╭──
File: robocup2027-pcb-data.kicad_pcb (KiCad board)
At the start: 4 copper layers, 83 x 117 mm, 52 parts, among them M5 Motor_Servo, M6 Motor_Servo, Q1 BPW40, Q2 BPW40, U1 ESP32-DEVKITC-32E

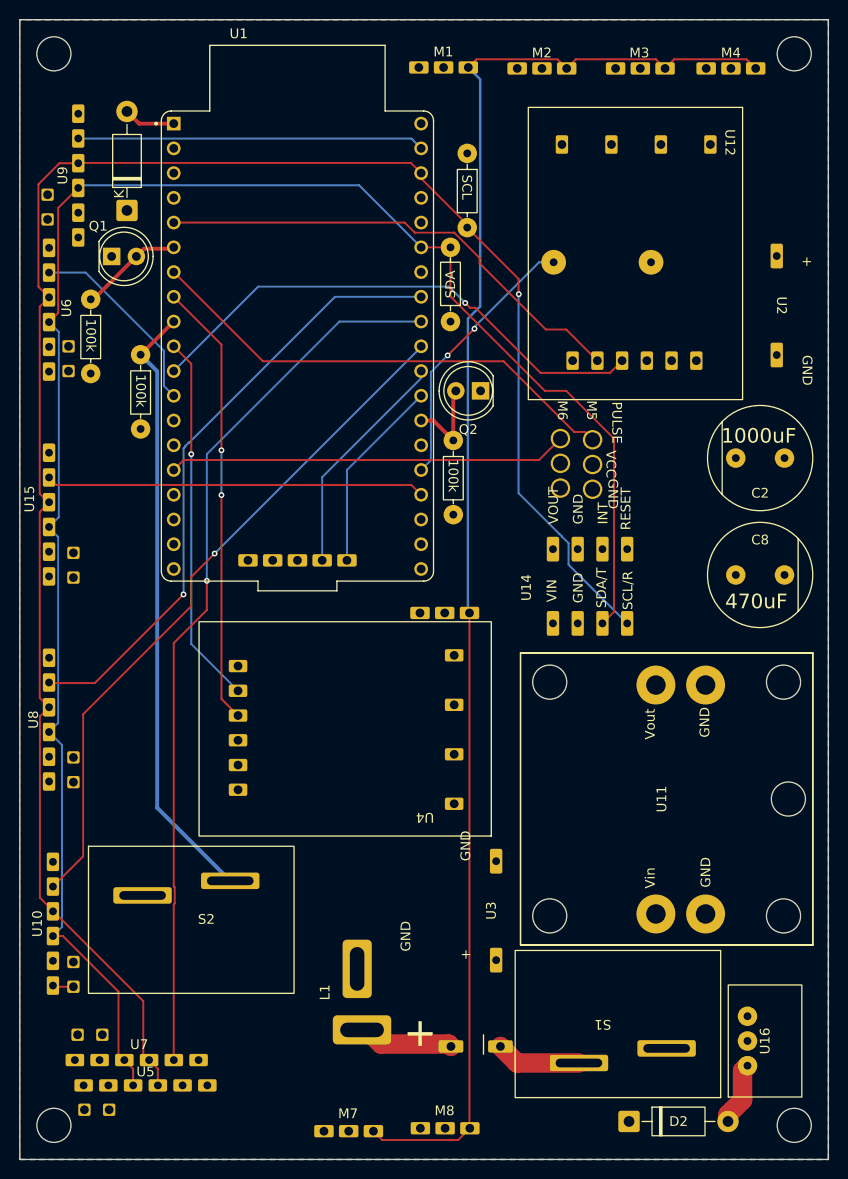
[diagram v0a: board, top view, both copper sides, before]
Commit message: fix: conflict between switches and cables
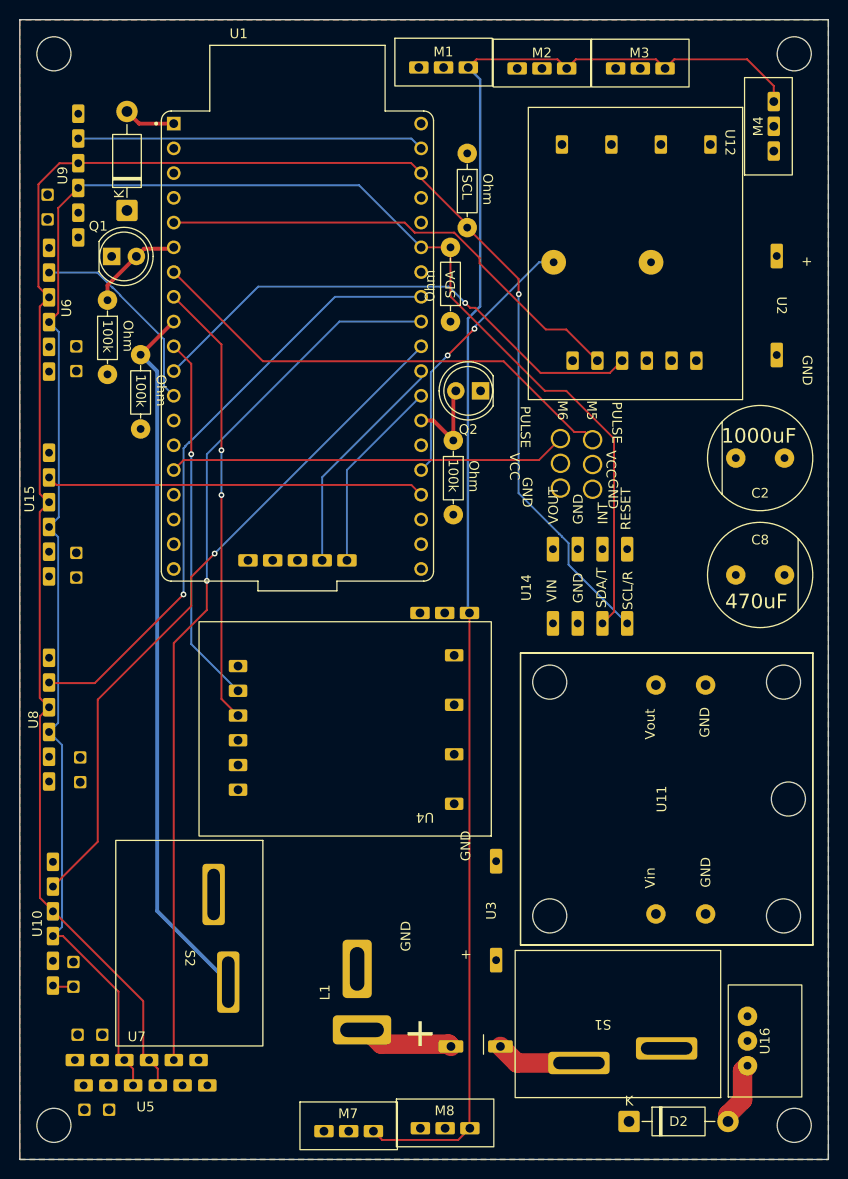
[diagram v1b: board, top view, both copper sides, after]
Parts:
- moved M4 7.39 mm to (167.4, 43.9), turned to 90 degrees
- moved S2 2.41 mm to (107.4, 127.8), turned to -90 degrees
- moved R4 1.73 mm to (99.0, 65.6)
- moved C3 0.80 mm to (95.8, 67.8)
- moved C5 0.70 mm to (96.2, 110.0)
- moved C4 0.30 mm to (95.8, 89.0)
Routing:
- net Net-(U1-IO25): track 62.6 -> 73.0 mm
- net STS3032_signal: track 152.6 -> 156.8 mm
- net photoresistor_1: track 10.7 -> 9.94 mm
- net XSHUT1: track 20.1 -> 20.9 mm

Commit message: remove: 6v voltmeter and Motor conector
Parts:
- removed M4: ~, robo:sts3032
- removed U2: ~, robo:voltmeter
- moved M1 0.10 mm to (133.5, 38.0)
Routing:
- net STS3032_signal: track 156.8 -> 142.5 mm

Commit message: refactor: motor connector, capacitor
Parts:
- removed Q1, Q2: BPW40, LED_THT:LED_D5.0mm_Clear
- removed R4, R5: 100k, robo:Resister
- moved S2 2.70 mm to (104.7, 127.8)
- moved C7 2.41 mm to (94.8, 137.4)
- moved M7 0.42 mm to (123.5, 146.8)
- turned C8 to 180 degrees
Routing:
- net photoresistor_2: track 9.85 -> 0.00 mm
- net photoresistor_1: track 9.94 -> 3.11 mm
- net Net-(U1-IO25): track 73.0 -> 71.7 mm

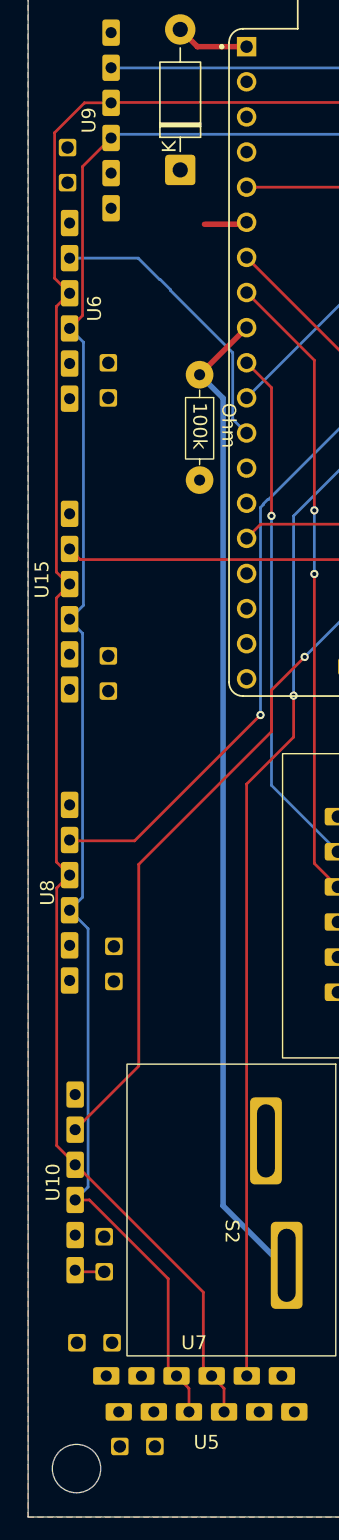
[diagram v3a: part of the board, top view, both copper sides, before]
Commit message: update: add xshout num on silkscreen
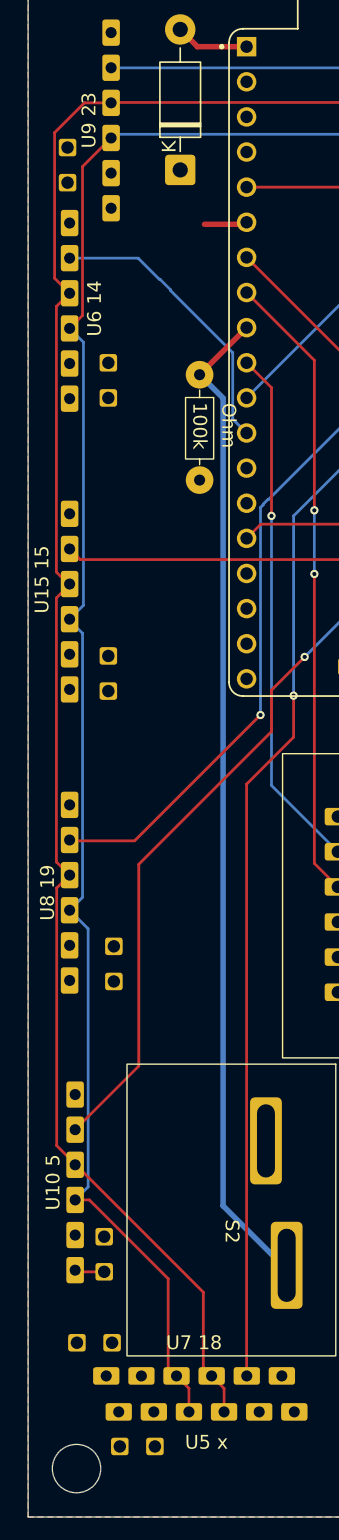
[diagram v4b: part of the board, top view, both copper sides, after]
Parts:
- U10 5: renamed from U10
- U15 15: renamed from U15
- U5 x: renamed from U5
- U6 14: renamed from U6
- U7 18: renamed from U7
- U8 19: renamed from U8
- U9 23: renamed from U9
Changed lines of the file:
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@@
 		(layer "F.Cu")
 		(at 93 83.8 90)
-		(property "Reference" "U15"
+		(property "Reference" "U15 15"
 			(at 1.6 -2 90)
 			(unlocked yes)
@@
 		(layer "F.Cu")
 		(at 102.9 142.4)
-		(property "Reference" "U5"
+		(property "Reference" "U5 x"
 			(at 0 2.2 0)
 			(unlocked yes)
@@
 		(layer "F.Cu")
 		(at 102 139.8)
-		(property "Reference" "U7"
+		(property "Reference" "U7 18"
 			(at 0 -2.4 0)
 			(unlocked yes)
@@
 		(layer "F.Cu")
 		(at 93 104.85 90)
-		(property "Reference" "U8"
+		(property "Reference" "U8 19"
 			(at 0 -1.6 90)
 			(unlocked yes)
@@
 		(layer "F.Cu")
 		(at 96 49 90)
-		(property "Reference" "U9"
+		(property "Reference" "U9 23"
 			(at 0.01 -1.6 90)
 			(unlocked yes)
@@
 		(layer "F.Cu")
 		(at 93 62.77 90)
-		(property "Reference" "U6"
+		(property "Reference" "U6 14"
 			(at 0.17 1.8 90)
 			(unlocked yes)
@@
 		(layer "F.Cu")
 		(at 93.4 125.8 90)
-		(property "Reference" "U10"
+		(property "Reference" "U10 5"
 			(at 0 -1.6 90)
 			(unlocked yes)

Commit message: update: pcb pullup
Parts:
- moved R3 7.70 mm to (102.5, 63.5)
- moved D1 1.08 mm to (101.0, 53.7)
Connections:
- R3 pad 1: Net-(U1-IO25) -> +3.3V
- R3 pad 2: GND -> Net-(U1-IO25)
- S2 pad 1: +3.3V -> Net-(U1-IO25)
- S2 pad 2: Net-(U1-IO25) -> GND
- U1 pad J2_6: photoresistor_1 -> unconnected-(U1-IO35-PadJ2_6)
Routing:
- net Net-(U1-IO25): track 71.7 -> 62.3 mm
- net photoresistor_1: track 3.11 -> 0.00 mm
╰──
Work required:
Copy the listing verbatim, omitting images.

Reply to the exercise:
File: robocup2027-pcb-data.kicad_pcb (KiCad board)
At the start: 4 copper layers, 83 x 117 mm, 52 parts, among them M5 Motor_Servo, M6 Motor_Servo, Q1 BPW40, Q2 BPW40, U1 ESP32-DEVKITC-32E

[diagram v0a: board, top view, both copper sides, before]
Commit message: fix: conflict between switches and cables
[diagram v1b: board, top view, both copper sides, after]
Parts:
- moved M4 7.39 mm to (167.4, 43.9), turned to 90 degrees
- moved S2 2.41 mm to (107.4, 127.8), turned to -90 degrees
- moved R4 1.73 mm to (99.0, 65.6)
- moved C3 0.80 mm to (95.8, 67.8)
- moved C5 0.70 mm to (96.2, 110.0)
- moved C4 0.30 mm to (95.8, 89.0)
Routing:
- net Net-(U1-IO25): track 62.6 -> 73.0 mm
- net STS3032_signal: track 152.6 -> 156.8 mm
- net photoresistor_1: track 10.7 -> 9.94 mm
- net XSHUT1: track 20.1 -> 20.9 mm

Commit message: remove: 6v voltmeter and Motor conector
Parts:
- removed M4: ~, robo:sts3032
- removed U2: ~, robo:voltmeter
- moved M1 0.10 mm to (133.5, 38.0)
Routing:
- net STS3032_signal: track 156.8 -> 142.5 mm

Commit message: refactor: motor connector, capacitor
Parts:
- removed Q1, Q2: BPW40, LED_THT:LED_D5.0mm_Clear
- removed R4, R5: 100k, robo:Resister
- moved S2 2.70 mm to (104.7, 127.8)
- moved C7 2.41 mm to (94.8, 137.4)
- moved M7 0.42 mm to (123.5, 146.8)
- turned C8 to 180 degrees
Routing:
- net photoresistor_2: track 9.85 -> 0.00 mm
- net photoresistor_1: track 9.94 -> 3.11 mm
- net Net-(U1-IO25): track 73.0 -> 71.7 mm

[diagram v3a: part of the board, top view, both copper sides, before]
Commit message: update: add xshout num on silkscreen
[diagram v4b: part of the board, top view, both copper sides, after]
Parts:
- U10 5: renamed from U10
- U15 15: renamed from U15
- U5 x: renamed from U5
- U6 14: renamed from U6
- U7 18: renamed from U7
- U8 19: renamed from U8
- U9 23: renamed from U9
Changed lines of the file:
@@
 		(layer "F.Cu")
 		(at 93 83.8 90)
-		(property "Reference" "U15"
+		(property "Reference" "U15 15"
 			(at 1.6 -2 90)
 			(unlocked yes)
@@
 		(layer "F.Cu")
 		(at 102.9 142.4)
-		(property "Reference" "U5"
+		(property "Reference" "U5 x"
 			(at 0 2.2 0)
 			(unlocked yes)
@@
 		(layer "F.Cu")
 		(at 102 139.8)
-		(property "Reference" "U7"
+		(property "Reference" "U7 18"
 			(at 0 -2.4 0)
 			(unlocked yes)
@@
 		(layer "F.Cu")
 		(at 93 104.85 90)
-		(property "Reference" "U8"
+		(property "Reference" "U8 19"
 			(at 0 -1.6 90)
 			(unlocked yes)
@@
 		(layer "F.Cu")
 		(at 96 49 90)
-		(property "Reference" "U9"
+		(property "Reference" "U9 23"
 			(at 0.01 -1.6 90)
 			(unlocked yes)
@@
 		(layer "F.Cu")
 		(at 93 62.77 90)
-		(property "Reference" "U6"
+		(property "Reference" "U6 14"
 			(at 0.17 1.8 90)
 			(unlocked yes)
@@
 		(layer "F.Cu")
 		(at 93.4 125.8 90)
-		(property "Reference" "U10"
+		(property "Reference" "U10 5"
 			(at 0 -1.6 90)
 			(unlocked yes)

Commit message: update: pcb pullup
Parts:
- moved R3 7.70 mm to (102.5, 63.5)
- moved D1 1.08 mm to (101.0, 53.7)
Connections:
- R3 pad 1: Net-(U1-IO25) -> +3.3V
- R3 pad 2: GND -> Net-(U1-IO25)
- S2 pad 1: +3.3V -> Net-(U1-IO25)
- S2 pad 2: Net-(U1-IO25) -> GND
- U1 pad J2_6: photoresistor_1 -> unconnected-(U1-IO35-PadJ2_6)
Routing:
- net Net-(U1-IO25): track 71.7 -> 62.3 mm
- net photoresistor_1: track 3.11 -> 0.00 mm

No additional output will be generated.